Shi Lu, Zhou Shan-Shan, Chen Wan-Bo, Xu Lei
Hubei University of Chinese Medicine, Ministry of Education Key Laboratory of Traditional Chinese Medicine Resources and Compounds, Wuhan, Hubei 430065, P.R. China.
Guangzhou University of Chinese Medicine, The First Clinical Medical College of Guangzhou University of TCM, Guangzhou, Guangdong 510405, P.R. China.
Exp Ther Med. 2017 Jun;13(6):3116-3122. doi: 10.3892/etm.2017.4314. Epub 2017 Apr 6.
Hepatocellular carcinoma (HCC) is the second leading cause of cancer mortality in China and the third leading cause of cancer mortality worldwide. The mechanisms involved in the development and progression of HCC are not well understood. In the present study, the functions of endothelin-1 (ET-1) in HCC were studied and its underlying mechanisms were investigated. ET-1, B-cell lymphoma 2 (Bcl-2), Bcl-2 related protein 4 (Bax), matrix metalloproteinase (MMP)-2 and MMP-9 expression was measured by reverse transcription-quantitative polymerase chain reaction and western blotting. Cell proliferation was measured via Cell Counting kit-8 assay. Flow cytometry was performed for cell cycle and apoptosis analysis. Migration was measured via Transwell assay. The results demonstrated that ET-1 expression significantly increased in HCC tissues compared with the normal tissues of patients in The Cancer Genome Atlas dataset (P<0.01). Furthermore, downregulation of ET-1 was able to significantly inhibit cell proliferation and growth (P<0.01) and (P<0.01), and induce cell cycle arrest (P<0.05) and apoptosis (P<0.01) in the HCC SMMC-7721 cell line. Bioinformatics analysis demonstrated that the cell apoptosis signaling pathway was activated by ET-1. The ratio of B-cell lymphoma (Bcl-2) -related protein 4 (Bax)/Bcl-2 was significantly increased by downregulation of ET-1 (P<0.01). ET-1 downregulation also inhibited migration of SMMC-7721 cells (P<0.05) via decreasing levels of matrix metalloproteinase (MMP) -2 (P<0.05) and MMP-9 (P>0.05). These results suggest that ET-1 may be able to affect the apoptosis and migration of HCC cells via modulation of the Bax/Bcl-2 ratio and expression levels of MMP-2 and MMP-9, which indicates that ET-1 maybe a potential novel target for HCC treatment.

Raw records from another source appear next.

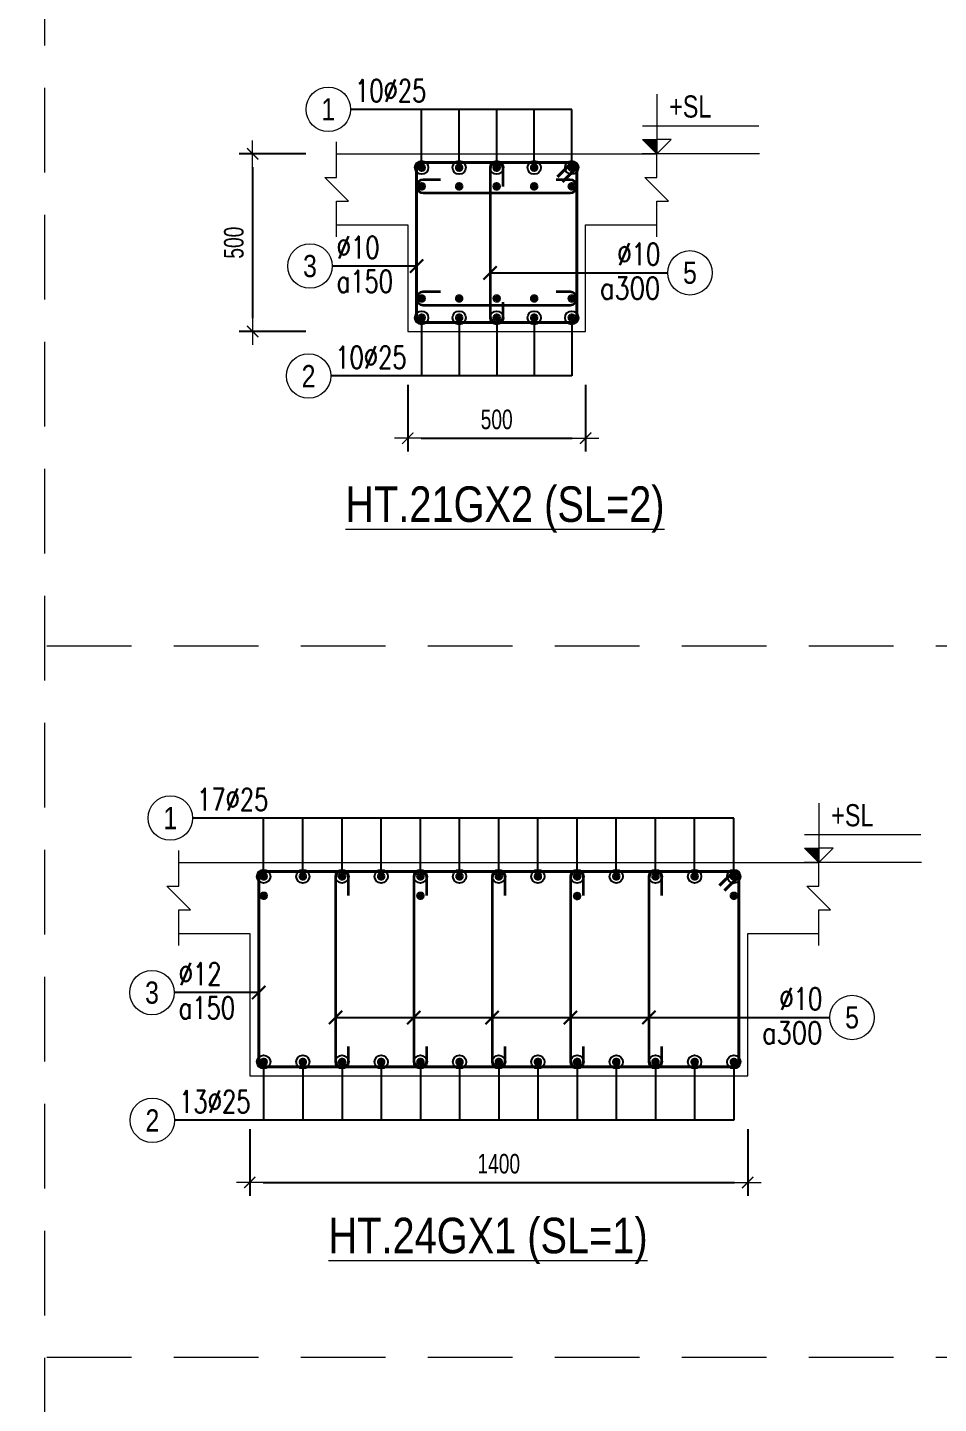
# Model space of a CAD drawing. Header units: millimetres. Extents: x 225489 to 327520, y -235866 to -221866.
# Drawn here: x 275176 to 277738, y -231996 to -228125 of the extents above; entities that cross this region are included whole.
import ezdxf
from ezdxf.enums import TextEntityAlignment as Align

# ---------------------------------------------------------------- set-up
doc = ezdxf.new("R2010")
doc.units = ezdxf.units.MM
doc.header["$PDMODE"] = 3
doc.linetypes.add('HIDDEN2', pattern=[4.762499999999999, 3.175, -1.5875])
doc.layers.get('0').update_dxf_attribs({"lineweight": 20})
doc.layers.get('Defpoints').update_dxf_attribs({"color": 151, "lineweight": 9})
for name, color, linetype, lineweight in [('NDC_S_ANNO', 7, 'Continuous', 20), ('NDC_S_CONTINUOUS', 3, 'Continuous', 20), ('NDC_S_DIM', 1, 'Continuous', 15), ('NDC_S_HIDDEN', 8, 'HIDDEN2', 13), ('NDC_S_REBAR', 4, 'Continuous', 35), ('NDC_S_STIRRUP', 4, 'Continuous', 40), ('NDC_S_TEXT SYMBOL', 7, 'Continuous', 20), ('NDC_S_THIN LINE', 8, 'Continuous', 9), ('NDC_S_VN TEXT', 7, 'Continuous', 20)]:
    doc.layers.add(name, color=color, linetype=linetype, lineweight=lineweight)
doc.styles.add('ARIAL', font='arial.ttf', dxfattribs={"width": 0.8})
doc.styles.add('NDC_ANNO', font='', dxfattribs={"width": 0.8})
doc.styles.add('NDC_DIM', font='', dxfattribs={"width": 0.75})
doc.styles.add('NDC_EN TXT', font='romans.shx', dxfattribs={"width": 0.8})
doc.styles.get('NDC_ANNO').set_extended_font_data('Dotum')
doc.styles.get('NDC_DIM').set_extended_font_data('Dotum')
doc.dimstyles.new('NDC_dim_25', dxfattribs={"dimscale": 25, "dimtxt": 2.2, "dimasz": 1.5, "dimexe": 1.5, "dimexo": 2.5, "dimgap": 1, "dimtad": 1, "dimdec": 0, "dimzin": 0, "dimdsep": 46, "dimtxsty": 'NDC_DIM', "dimblk": 'DIMMARK', "dimcen": 0.09, "dimdle": 1.2, "dimclrd": 1, "dimclre": 1, "dimclrt": 3, "dimadec": 0, "dimazin": 0, "dimtfac": 1, "dimtdec": 0, "dimtix": 1, "dimtofl": 0, "dimtmove": 0, "dimatfit": 3, "dimfxl": 6, "dimfxlon": 1, "dimtolj": 1, "dimtzin": 0, "dimarcsym": 0})

# ---------------------------------------------------------------- blocks, each defined once
blk = doc.blocks.new('kata_block_TD')
at = {"color": 6, "linetype": 'ByBlock', "lineweight": -2, "style": 'ARIAL', "width": 0.8}
blk.add_attdef('SECTDET2', text='', height=5, dxfattribs=at).set_placement((0, 7.970649532882817), align=Align.CENTER)
at = {"color": 0, "linetype": 'ByBlock', "lineweight": -2, "style": 'ARIAL', "width": 0.8}
blk.add_attdef('SECTDET1', text='', height=5, dxfattribs=at).set_placement((0, 1.470649532882817), align=Align.CENTER)
at = {"color": 3, "lineweight": 25, "style": 'ARIAL', "width": 0.8}
blk.add_attdef('SSCALE', text='', height=2.5, dxfattribs=at).set_placement((0, -3.998868953555331), align=Align.CENTER)
blk = doc.blocks.new('kata_block_CT')
at = {"layer": 'NDC_S_ANNO'}
blk.add_hatch(color=3, dxfattribs=at).paths.add_polyline_path([(0, 1.596954857557648), (-1.612010908633238, 1.596954857557648), (0, 0)])
at = {"layer": 'NDC_S_ANNO', "ltscale": 50}
h = blk.add_hatch(dxfattribs=at)
h.set_pattern_fill('ANSI31', color=256, scale=1.406250541793835, style=0)
h.set_pattern_definition([(45.00000000000001, (0, 5.456968210637569e-12), (-3.157122508925224, 3.157122508925225), [])])
h.paths.add_polyline_path([(0, 1.596954857557648), (0, 0), (1.612010908924276, 1.596954857557648)])
for p, q in [((-1.592704896858777, 3.140833880479477), (11.46947077315417, 3.140833880479477)), ((11.56125648126181, 5.456968210637569e-12), (-1.63869572513795, 5.456968210637569e-12))]:
    blk.add_line(p, q, dxfattribs=at)
for points in [[(0, 6.69495074864426), (0, 0)], [(0, 0), (-1.612010908924276, 1.596954857557648), (0, 1.596954857557648)], [(0, 0), (1.612010908924276, 1.596954857557648), (0, 1.596954857557648)]]:
    blk.add_lwpolyline(points, dxfattribs=at)
at = {"layer": 'NDC_S_ANNO', "color": 8, "ltscale": 50}
blk.add_lwpolyline([(0, 0), (-1.612010908633238, 1.596954857557648), (0, 1.596954857557648)], dxfattribs=at)
at = {"layer": 'NDC_S_TEXT SYMBOL', "color": 3, "style": 'NDC_ANNO', "width": 0.8}
blk.add_attdef('CT', (1.409564409346785, 4.068271311703938), '', height=2.5, dxfattribs=at)
blk = doc.blocks.new('DIMMARK')
at = {"layer": 'NDC_S_DIM', "color": 1}
blk.add_line((-1.5, 0), (1, 0), dxfattribs=at)
at = {"layer": 'NDC_S_DIM', "color": 2, "const_width": 0.1}
blk.add_lwpolyline([(-0.4242640687119285, -0.4242640687119285), (0.4242640687119285, 0.4242640687119285)], dxfattribs=at)
blk = doc.blocks.new('*D214')
at = {"layer": 'Defpoints', "color": 0, "transparency": 16777216}
for p in [(276245.6489089052, -228980.4652427723), (276745.6489089052, -228980.4652427723), (276745.6489089052, -229280.4652427723)]:
    blk.add_point(p, dxfattribs=at)
at = {"layer": 'NDC_S_DIM', "color": 1, "lineweight": -2, "transparency": 16777216}
for p, q in [((276245.6489089052, -229130.4652427723), (276245.6489089052, -229317.9652427723)), ((276745.6489089052, -229130.4652427723), (276745.6489089052, -229317.9652427723)), ((276283.1489089052, -229280.4652427723), (276708.1489089052, -229280.4652427723))]:
    blk.add_line(p, q, dxfattribs=at)
at = {"layer": 'NDC_S_DIM', "color": 1, "lineweight": -2, "transparency": 16777216, "xscale": 37.5, "yscale": 37.5, "zscale": 37.5, "rotation": 180}
blk.add_blockref('DIMMARK', (276245.6489089052, -229280.4652427723), dxfattribs=at)
at = {"layer": 'NDC_S_DIM', "color": 1, "lineweight": -2, "transparency": 16777216, "xscale": 37.5, "yscale": 37.5, "zscale": 37.5}
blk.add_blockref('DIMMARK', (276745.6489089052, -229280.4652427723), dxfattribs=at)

肝细胞癌(HCC)是中国癌症死亡的第二大原因,也是全球癌症死亡的第三大原因。HCC发生和发展所涉及的机制尚未完全明确。在本研究中,对内皮素-1(ET-1)在HCC中的功能进行了研究,并探究了其潜在机制。通过逆转录-定量聚合酶链反应和蛋白质印迹法检测ET-1、B细胞淋巴瘤2(Bcl-2)、Bcl-2相关蛋白4(Bax)、基质金属蛋白酶(MMP)-2和MMP-9的表达。通过细胞计数试剂盒-8法检测细胞增殖。进行流式细胞术分析细胞周期和凋亡。通过Transwell法检测迁移。结果表明,与癌症基因组图谱数据集中患者的正常组织相比,HCC组织中ET-1表达显著增加(P<0.01)。此外,ET-1的下调能够显著抑制HCC SMMC-7721细胞系中的细胞增殖和生长(P<0.01),并诱导细胞周期停滞(P<0.05)和凋亡(P<0.01)。生物信息学分析表明,细胞凋亡信号通路被ET-1激活。ET-1的下调显著增加了B细胞淋巴瘤(Bcl-2)相关蛋白4(Bax)/Bcl-2的比值(P<0.01)。ET-1的下调还通过降低基质金属蛋白酶(MMP)-2(P<0.05)和MMP-9(P>0.05)的水平抑制了SMMC-7721细胞的迁移(P<0.05)。这些结果表明,ET-1可能通过调节Bax/Bcl-2比值以及MMP-2和MMP-9的表达水平来影响HCC细胞的凋亡和迁移,这表明ET-1可能是HCC治疗的一个潜在新靶点。